# St. Lucia - Information needed



## irisheaven (Apr 14, 2006)

I was thinking about visiting St. Lucia in a couple years, and was wondering which month is the best to visit?  I would like to do some snorkeling, swimming, and other outside/water activities.

We would love to stay at Windjammer Landing :whoopie: 

Thanks.


----------



## runlikeanantelope (Apr 14, 2006)

*Re: Information needed on St. Lucia*

We own the first week in December at the Windjammer and the weather was perfect when we where there


----------



## riverside (Apr 14, 2006)

*Re: Information needed on St. Lucia*

I would say probably February-April would be the best.  The summer/fall months might be a little rainier but from our experience in June the showers don't usually last more than a few minutes.  Not sure about late summer/fall.  Maybe someone with experience during those times will jump in.


----------



## markmaine (Apr 15, 2006)

*Re: Information needed on St. Lucia*

We've been there twice in March and have had perfect weather!

    Mark


----------



## Cathyb (Apr 15, 2006)

*Re: Information needed on St. Lucia*

Our son is having his honeymoon there after July 4.  Can you tell me if there is much danger of hurricanes on this island in that timeframe?


----------



## riverside (Apr 15, 2006)

*Re: Information needed on St. Lucia*




			
				Cathyb said:
			
		

> Our son is having his honeymoon there after July 4.  Can you tell me if there is much danger of hurricanes on this island in that timeframe?[/QUOTE





			
				Cathyb said:
			
		

> ]
> 
> 
> You can check out past hurricane patterns here:
> ...


----------



## katsgarden (Apr 16, 2006)

We were on St. Lucia in Sept. of 1998 (I think that was the year), and had the misfortune of dodging Hurricane George.  We actually had chartered a sailboat for 10  days during the time and it was a very miserable trip. We made it back to Hurricane Hole on the day it was suppose to take a direct hit (St. lucia).  Spent a very tense night waiting to be called to the bomb shelter for the hurricane party. Although it took a last minute turn, the other side of the island received lots of damage. We've decided that we will NEVER go back to the Caribbean during hurricane season, which can last into November. This coming January we will be in the British Virgin Islands..chartering a 45' cat with some friends.


----------



## Skinsfan1311 (Apr 16, 2006)

We were in St. Lucia, in January of '05 and the weather was spectacular.  I wasn't overly impressed with the snorkeling, but the diving was awesome.


----------



## Babs from UK (Apr 18, 2006)

Snorkelling at Windjammer is not very good but down the south of the island is much better. The dive operation running at Windjammer will take people on snorkelling as well as diving trips. They are very friendly and not too big an operation.

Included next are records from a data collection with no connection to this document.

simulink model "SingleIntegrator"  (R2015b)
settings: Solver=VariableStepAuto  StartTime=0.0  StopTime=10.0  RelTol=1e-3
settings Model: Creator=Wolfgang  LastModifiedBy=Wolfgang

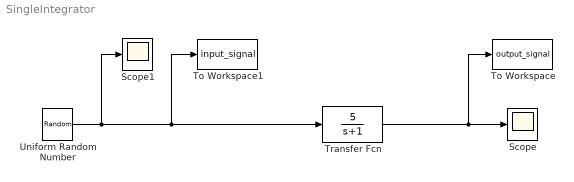
== system SingleIntegrator ==
  Scope : Scope
  Scope1 : Scope
  To Workspace : ToWorkspace  VariableName=output_signal  SampleTime=-1
      settings: Save2DSignal=2-D array (concatenate along first dimension)
  To Workspace1 : ToWorkspace  VariableName=input_signal  SampleTime=-1
  Transfer Fcn : TransferFcn  Numerator=[5]  Denominator=[1 1]
  Uniform Random Number : UniformRandomNumber  SampleTime=0.001
  wires:
  Uniform Random Number/1 -> Transfer Fcn/1, To Workspace1/1, Scope1/1
  Transfer Fcn/1 -> To Workspace/1, Scope/1
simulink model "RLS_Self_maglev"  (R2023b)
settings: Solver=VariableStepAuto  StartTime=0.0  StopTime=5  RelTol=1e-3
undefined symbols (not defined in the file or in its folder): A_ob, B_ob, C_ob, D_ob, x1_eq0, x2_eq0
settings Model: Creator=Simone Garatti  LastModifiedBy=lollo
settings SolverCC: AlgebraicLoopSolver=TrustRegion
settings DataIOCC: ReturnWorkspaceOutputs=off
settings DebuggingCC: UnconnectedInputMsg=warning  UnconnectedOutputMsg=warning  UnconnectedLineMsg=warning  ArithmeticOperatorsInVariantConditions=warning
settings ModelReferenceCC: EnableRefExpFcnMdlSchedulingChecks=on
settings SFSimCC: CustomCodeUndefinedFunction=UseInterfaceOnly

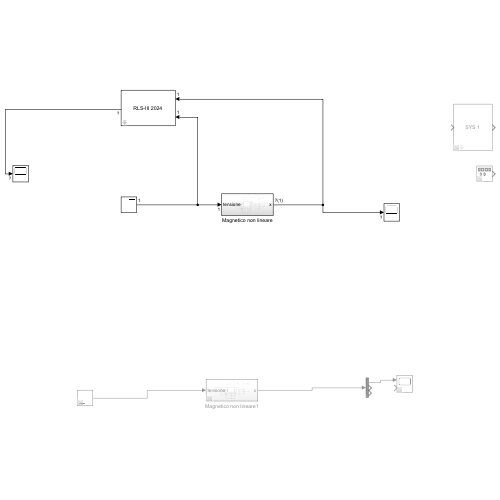
[thumbnail: Simulink's stored preview of the top-level diagram]
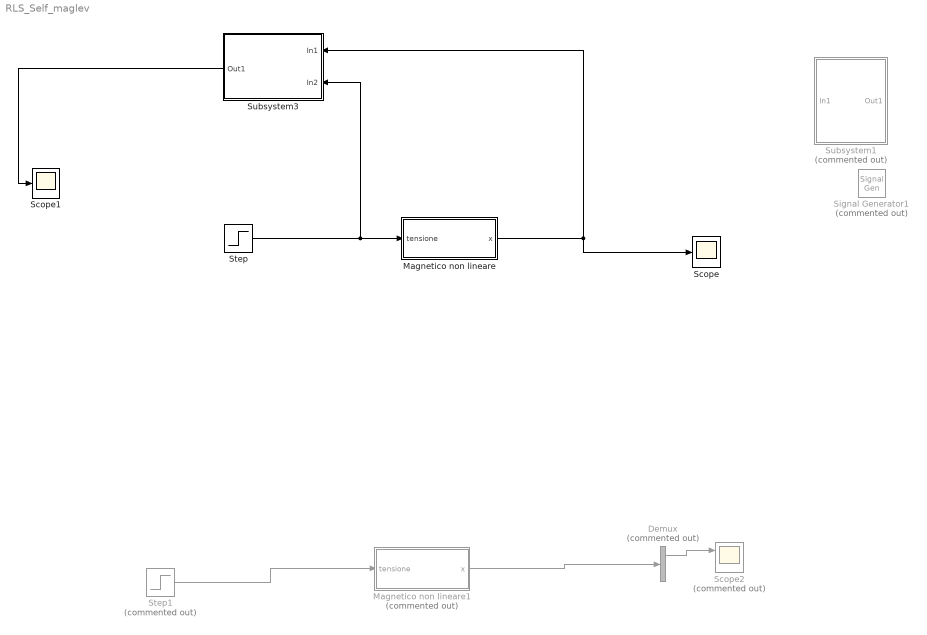
== system RLS_Self_maglev ==
  Demux : Demux  Commented=on  Outputs=3
  Magnetico non lineare : Subsystem
  Magnetico non lineare1 : Subsystem  Commented=on
  Scope : Scope
  Scope1 : Scope
  Scope2 : Scope  Commented=on  NumInputPorts=2
  Signal Generator1 : SignalGenerator  Commented=on  WaveForm=square  Frequency=0.01
  Step : Step  After=16  SampleTime=0
  Step1 : Step  Commented=on  After=20  SampleTime=0
  Subsystem1 : Subsystem  Commented=on  mask{yi=0, ui=0}
      mask prompts: yi "y(0)"; ui "u(0)"
      mask Display: disp('SYS 1')
  Subsystem3 : Subsystem  mask{th0=[2 3 2]', S0=eye(3)/100, ny=2, nu=0, d=1, mu=1}
      mask prompts: th0 "theta init"; S0 "S init"; d "u-y delay"; mu "forgetting factor"
      mask Display: disp('RLS-III 2024')
  wires:
  Step/1 -> Subsystem3/2(In2), Magnetico non lineare/1(tensione)
  Magnetico non lineare/1(x) -> Scope/1, Subsystem3/1(In1)
  Subsystem3/1(Out1) -> Scope1/1
  Step1/1 -> Magnetico non lineare1/1(tensione)
  Demux/1 -> Scope2/1
  Magnetico non lineare1/1(x) -> Demux/1

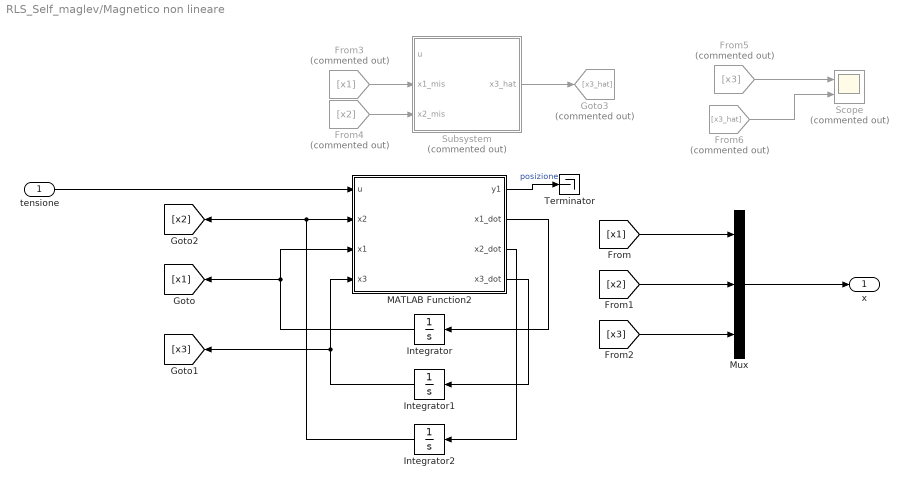
== system RLS_Self_maglev/Magnetico non lineare ==
  tensione : Inport
  From3 : From  Commented=on  GotoTag=x1
  From4 : From  Commented=on  GotoTag=x2
  From5 : From  Commented=on  GotoTag=x3
  From6 : From  Commented=on  GotoTag=x3_hat
  Goto3 : Goto  Commented=on  GotoTag=x3_hat
  Integrator : Integrator
  Integrator1 : Integrator
  Integrator2 : Integrator
  MATLAB Function2 : MATLAB Function  TreatAsAtomicUnit=on
  Mux : Mux  Inputs=3
  Scope : Scope  Commented=on  NumInputPorts=2
  Subsystem : Subsystem  Commented=on
  Terminator : Terminator
  x : Outport
  wires:
  tensione/1 -> MATLAB Function2/1(u)
  MATLAB Function2/2(x1_dot) -> Integrator/1
  Integrator/1 -> MATLAB Function2/3(x1), [x1]
  MATLAB Function2/4(x3_dot) -> Integrator1/1
  Integrator1/1 -> [x3], MATLAB Function2/4(x3)
  [x1] -> Mux/1
  [x2] -> Mux/2
  [x3] -> Mux/3
  Mux/1 -> x/1
  MATLAB Function2/3(x2_dot) -> Integrator2/1
  Integrator2/1 -> MATLAB Function2/2(x2), [x2]
  From3/1 -> Subsystem/2(x1_mis)
  From4/1 -> Subsystem/3(x2_mis)
  Subsystem/1(x3_hat) -> Goto3/1
  From6/1 -> Scope/2
  From5/1 -> Scope/1
  MATLAB Function2/1(y1) -> Terminator/1  "posizione"

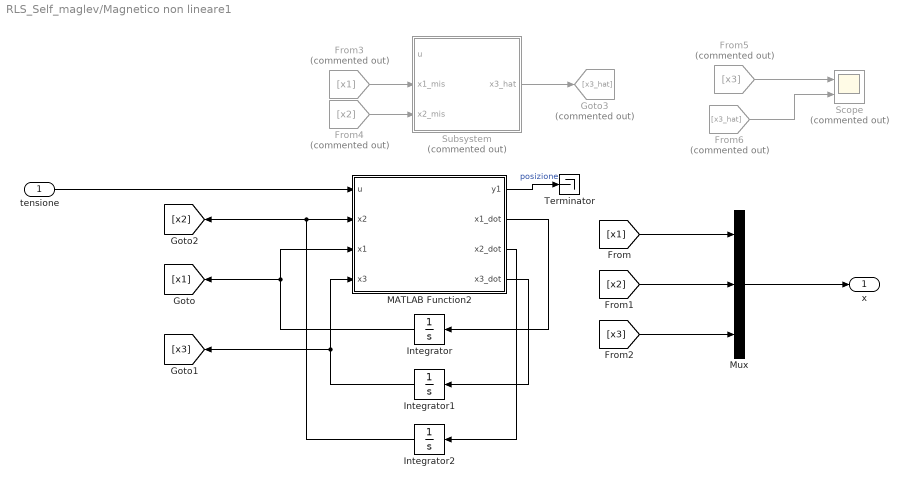
== system RLS_Self_maglev/Magnetico non lineare1 ==
  tensione : Inport
  From3 : From  Commented=on  GotoTag=x1
  From4 : From  Commented=on  GotoTag=x2
  From5 : From  Commented=on  GotoTag=x3
  From6 : From  Commented=on  GotoTag=x3_hat
  Goto3 : Goto  Commented=on  GotoTag=x3_hat
  Integrator : Integrator
  Integrator1 : Integrator
  Integrator2 : Integrator
  MATLAB Function2 : MATLAB Function  TreatAsAtomicUnit=on
  Mux : Mux  Inputs=3
  Scope : Scope  Commented=on  NumInputPorts=2
  Subsystem : Subsystem  Commented=on
  Terminator : Terminator
  x : Outport
  wires:
  tensione/1 -> MATLAB Function2/1(u)
  MATLAB Function2/2(x1_dot) -> Integrator/1
  Integrator/1 -> MATLAB Function2/3(x1), [x1]
  MATLAB Function2/4(x3_dot) -> Integrator1/1
  Integrator1/1 -> [x3], MATLAB Function2/4(x3)
  [x1] -> Mux/1
  [x2] -> Mux/2
  [x3] -> Mux/3
  Mux/1 -> x/1
  MATLAB Function2/3(x2_dot) -> Integrator2/1
  Integrator2/1 -> MATLAB Function2/2(x2), [x2]
  From3/1 -> Subsystem/2(x1_mis)
  From4/1 -> Subsystem/3(x2_mis)
  Subsystem/1(x3_hat) -> Goto3/1
  From6/1 -> Scope/2
  From5/1 -> Scope/1
  MATLAB Function2/1(y1) -> Terminator/1  "posizione"

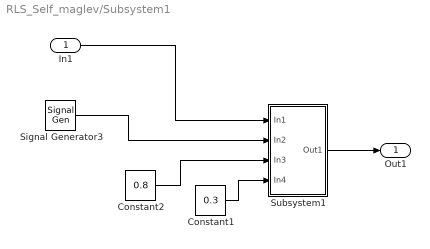
== system RLS_Self_maglev/Subsystem1 ==
  In1 : Inport
  Constant1 : Constant  Value=0.3
  Constant2 : Constant  Value=0.8
  Signal Generator3 : SignalGenerator  WaveForm=random  Amplitude=0.0  Frequency=0.01
  Subsystem1 : Subsystem  mask{y0=yi, u0=ui}
      mask prompts: y0 "y(0)"; u0 "u(0)"
      mask Display: disp('SYS')
  Out1 : Outport  VectorParamsAs1DForOutWhenUnconnected=off
  wires:
  Signal Generator3/1 -> Subsystem1/2(In2)
  Subsystem1/1(Out1) -> Out1/1
  Constant1/1 -> Subsystem1/4(In4)
  In1/1 -> Subsystem1/1(In1)
  Constant2/1 -> Subsystem1/3(In3)

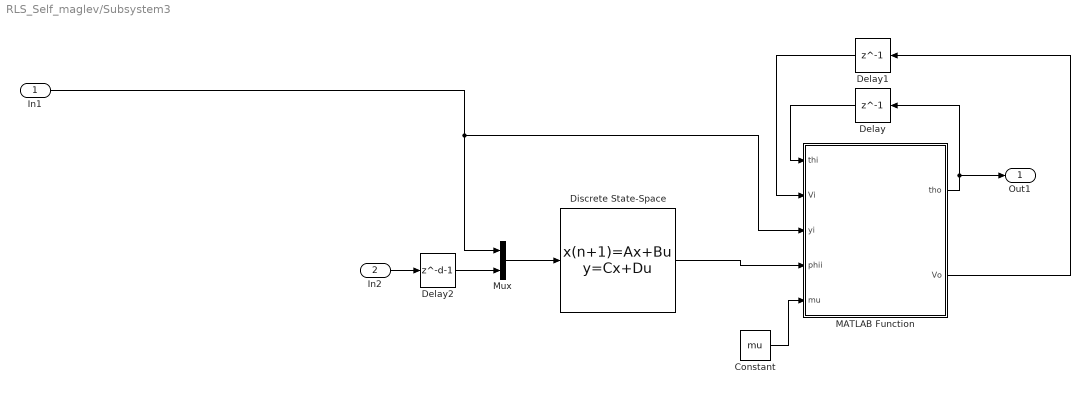
== system RLS_Self_maglev/Subsystem3 ==
  In1 : Inport
  In2 : Inport  Port=2
  Constant : Constant  Value=mu
  Delay : Delay  DelayLength=1  InitialCondition=th0
  Delay1 : Delay  DelayLength=1  InitialCondition=inv(S0)
  Delay2 : Delay  DelayLength=d-1  InitialCondition=0
  Discrete State-Space : DiscreteStateSpace  A=[ diag(ones(ny-1,1),-1) zeros(ny,nu+1); zeros(nu+1,ny) diag(ones(nu,1),-1) ]  B=[[1 0]; zeros(ny-1,2); [0 1]; zeros(nu,2)]  C=eye(ny+nu+1)  D=zeros(ny+nu+1,2)  SampleTime=-1
  MATLAB Function : MATLAB Function  TreatAsAtomicUnit=on
  Mux : Mux  Inputs=2
  Out1 : Outport  VectorParamsAs1DForOutWhenUnconnected=off
  wires:
  MATLAB Function/1(tho) -> Delay/1, Out1/1
  Delay/1 -> MATLAB Function/1(thi)
  MATLAB Function/2(Vo) -> Delay1/1
  Delay1/1 -> MATLAB Function/2(Vi)
  In1/1 -> Mux/1, MATLAB Function/3(yi)
  In2/1 -> Delay2/1
  Delay2/1 -> Mux/2
  Mux/1 -> Discrete State-Space/1
  Discrete State-Space/1 -> MATLAB Function/4(phii)
  Constant/1 -> MATLAB Function/5(mu)

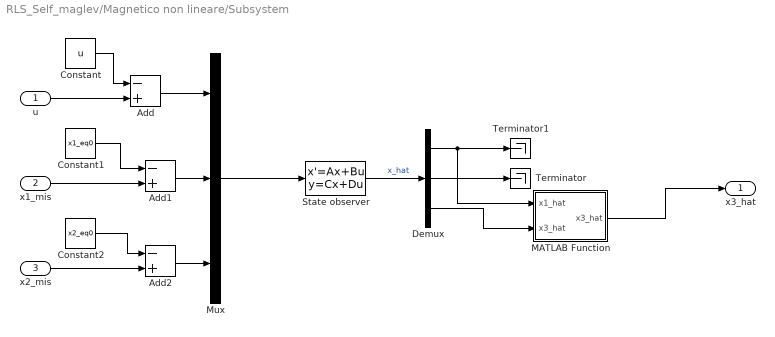
== system RLS_Self_maglev/Magnetico non lineare/Subsystem ==
  u : Inport
  x1_mis : Inport  Port=2
  x2_mis : Inport  Port=3
  Add : Sum  Inputs=-+
  Add1 : Sum  Inputs=-+
  Add2 : Sum  Inputs=-+
  Constant : Constant  Value=u
  Constant1 : Constant  Value=x1_eq0
  Constant2 : Constant  Value=x2_eq0
  Demux : Demux  Outputs=3
  MATLAB Function : MATLAB Function  TreatAsAtomicUnit=on
  Mux : Mux  Inputs=3
  State observer : StateSpace  A=A_ob  B=B_ob  C=C_ob  D=D_ob  InitialCondition=[0;0;0]  ParameterTunability=Unconstrained
  Terminator : Terminator
  Terminator1 : Terminator
  x3_hat : Outport
  wires:
  x1_mis/1 -> Add1/2
  u/1 -> Add/2
  Mux/1 -> State observer/1
  State observer/1 -> Demux/1  "x_hat"
  Demux/1 -> MATLAB Function/1(x1_hat), Terminator1/1
  Demux/2 -> Terminator/1
  Constant/1 -> Add/1
  Constant1/1 -> Add1/1
  Constant2/1 -> Add2/1
  x2_mis/1 -> Add2/2
  Add/1 -> Mux/1
  Add1/1 -> Mux/2
  Add2/1 -> Mux/3
  MATLAB Function/1(x3_hat) -> x3_hat/1
  Demux/3 -> MATLAB Function/2("x3_hat ")

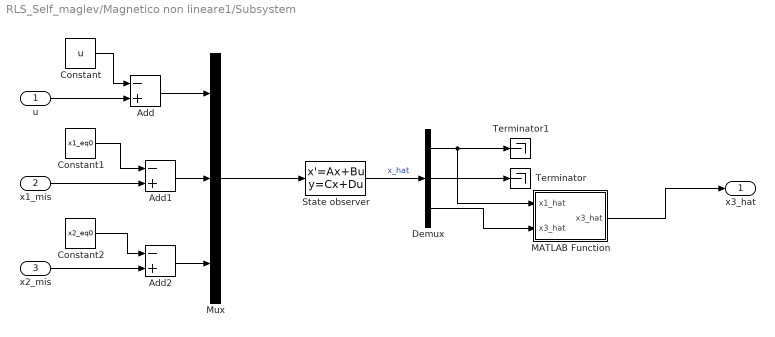
== system RLS_Self_maglev/Magnetico non lineare1/Subsystem ==
  u : Inport
  x1_mis : Inport  Port=2
  x2_mis : Inport  Port=3
  Add : Sum  Inputs=-+
  Add1 : Sum  Inputs=-+
  Add2 : Sum  Inputs=-+
  Constant : Constant  Value=u
  Constant1 : Constant  Value=x1_eq0
  Constant2 : Constant  Value=x2_eq0
  Demux : Demux  Outputs=3
  MATLAB Function : MATLAB Function  TreatAsAtomicUnit=on
  Mux : Mux  Inputs=3
  State observer : StateSpace  A=A_ob  B=B_ob  C=C_ob  D=D_ob  InitialCondition=[0;0;0]  ParameterTunability=Unconstrained
  Terminator : Terminator
  Terminator1 : Terminator
  x3_hat : Outport
  wires:
  x1_mis/1 -> Add1/2
  u/1 -> Add/2
  Mux/1 -> State observer/1
  State observer/1 -> Demux/1  "x_hat"
  Demux/1 -> MATLAB Function/1(x1_hat), Terminator1/1
  Demux/2 -> Terminator/1
  Constant/1 -> Add/1
  Constant1/1 -> Add1/1
  Constant2/1 -> Add2/1
  x2_mis/1 -> Add2/2
  Add/1 -> Mux/1
  Add1/1 -> Mux/2
  Add2/1 -> Mux/3
  MATLAB Function/1(x3_hat) -> x3_hat/1
  Demux/3 -> MATLAB Function/2("x3_hat ")

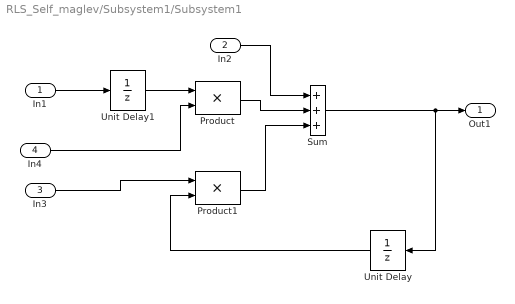
== system RLS_Self_maglev/Subsystem1/Subsystem1 ==
  In1 : Inport
  In2 : Inport  Port=2
  In3 : Inport  Port=3
  In4 : Inport  Port=4
  Product : Product  SaturateOnIntegerOverflow=on  OutDataTypeStr=Inherit: Same as first input
  Product1 : Product  SaturateOnIntegerOverflow=on  OutDataTypeStr=Inherit: Same as first input
  Sum : Sum  Inputs=+++  SaturateOnIntegerOverflow=on
  Unit Delay : UnitDelay  InitialCondition=y0  HasFrameUpgradeWarning=on
  Unit Delay1 : UnitDelay  InitialCondition=u0  HasFrameUpgradeWarning=on
  Out1 : Outport  VectorParamsAs1DForOutWhenUnconnected=off
  wires:
  In2/1 -> Sum/1
  Product/1 -> Sum/2
  In3/1 -> Product1/1
  In4/1 -> Product/2
  Product1/1 -> Sum/3
  Unit Delay/1 -> Product1/2
  Sum/1 -> Unit Delay/1, Out1/1
  Unit Delay1/1 -> Product/1
  In1/1 -> Unit Delay1/1

== matlab function RLS_Self_maglev/Subsystem3/MATLAB Function ==
  data: thi input; tho output; Vi input; yi input; phii input; Vo output; mu input
function [tho,Vo] = updaterule(thi,Vi,yi,phii,mu)

Vo = Vi/mu - (Vi*phii*phii'*Vi)/(mu+phii'*Vi*phii)/mu;
tho = thi + Vo*phii*(yi-phii'*thi);

== matlab function RLS_Self_maglev/Magnetico non lineare1/MATLAB Function2 ==
  data: u input; y1 output; x2 input; x1_dot output; x2_dot output; x1 input; x3 input; x3_dot output
function [y1,x1_dot, x2_dot, x3_dot] = fcn(u, x2, x1, x3)
    m = 0.0657;
    g = 9.81;
    k_mag = 2.4405e-05;
    Rtot = 9.7585;
    Lc = 0.3708;
    y0 = 0.012;
    
    x2_dot = 1/Lc*(-Rtot*x2 + u);

    x1_dot = x3;
    if x1 < y0
        x3_dot = (k_mag/m)*(x2/(y0-x1))^2 - g;
    else
        x1 = 0.012;
        x3_dot = 0;
        x3 = 0;
    end

    
    % condizioni
    if x1 <=0 && x3_dot < 0
        x1 = 0;
        x3 = 0;
        x3_dot = 0;
    end
y1 = x1;

== matlab function RLS_Self_maglev/Magnetico non lineare/Subsystem/MATLAB Function ==
  data: x1_hat input; x3_hat output; x3_hat input
function x3_hat = fcn(x1_hat, x3_hat)

if x1_hat<=0 && x3_hat<=0
    x3_hat=0;
end

== matlab function RLS_Self_maglev/Magnetico non lineare/MATLAB Function2 ==
  data: u input; y1 output; x2 input; x1_dot output; x2_dot output; x1 input; x3 input; x3_dot output
function [y1,x1_dot, x2_dot, x3_dot] = fcn(u, x2, x1, x3)
    m = 0.0657;
    g = 9.81;
    k_mag = 2.4405e-05;
    Rtot = 9.7585;
    Lc = 0.3708;
    y0 = 0.012;
    
    x2_dot = 1/Lc*(-Rtot*x2 + u);

    x1_dot = x3;
    if x1 < y0
        x3_dot = (k_mag/m)*(x2/(y0-x1))^2 - g;
    else
        x1 = 0.012;
        x3_dot = 0;
        x3 = 0;
    end

    
    % condizioni
    if x1 <=0 && x3_dot < 0
        x1 = 0;
        x3 = 0;
        x3_dot = 0;
    end
y1 = x1;

== matlab function RLS_Self_maglev/Magnetico non lineare1/Subsystem/MATLAB Function ==
  data: x1_hat input; x3_hat output; x3_hat input
function x3_hat = fcn(x1_hat, x3_hat)

if x1_hat<=0 && x3_hat<=0
    x3_hat=0;
end

Anse Cochon beach and Anse Chastenet are both well known for snorkelling. Windjammer does include a daily snorkelling trip in its watersports activities but the snorkelling round the corner of the bay is just ok.

Re weather. We have been in January (rainy sometimes), May (quite good) and June (variable and humid). Feb to April are good times weatherwise.

Enjoy your trip!


----------



## lakers (Apr 18, 2006)

My wife and I stayed at the Jalouise Plantation (St. Lucia) using the bonus points we received for buying into HGVC from the developer (Hilton).  While all my future purchases will be on the resale market this was an incredible vacation that we would not have taken otherwise -- a relaxing beach located right between the Pitons.  We went in September 2004 when Ivan was still in the Gulf, but we had beautiful weather for our entire trip. I was told on our trip that St. Lucia doesn't see as much hurricane activity as many other caribbean islands.


----------



## ailin (Apr 18, 2006)

We were just at Windjammer Landing end of February this year.  Weather was great, I think it rained late at night a couple of times and for about 5 minutes when we were on the Rain Forest tour.  Their Jammers Day Sail stops at Anse Cochon, we thought the snorkling was just okay.  We liked Anse Chastenet better.  The dive shop at Windjammer takes people there for $36/person, I think they leave at 9 and get back around noon.  We were going to do that, but then decided to hire a driver instead.  We paid him $140 to take us around the entire island for the whole day in his van.  Since it was Friday, we even got to go to the Fish Fry in Anse-la-Raye.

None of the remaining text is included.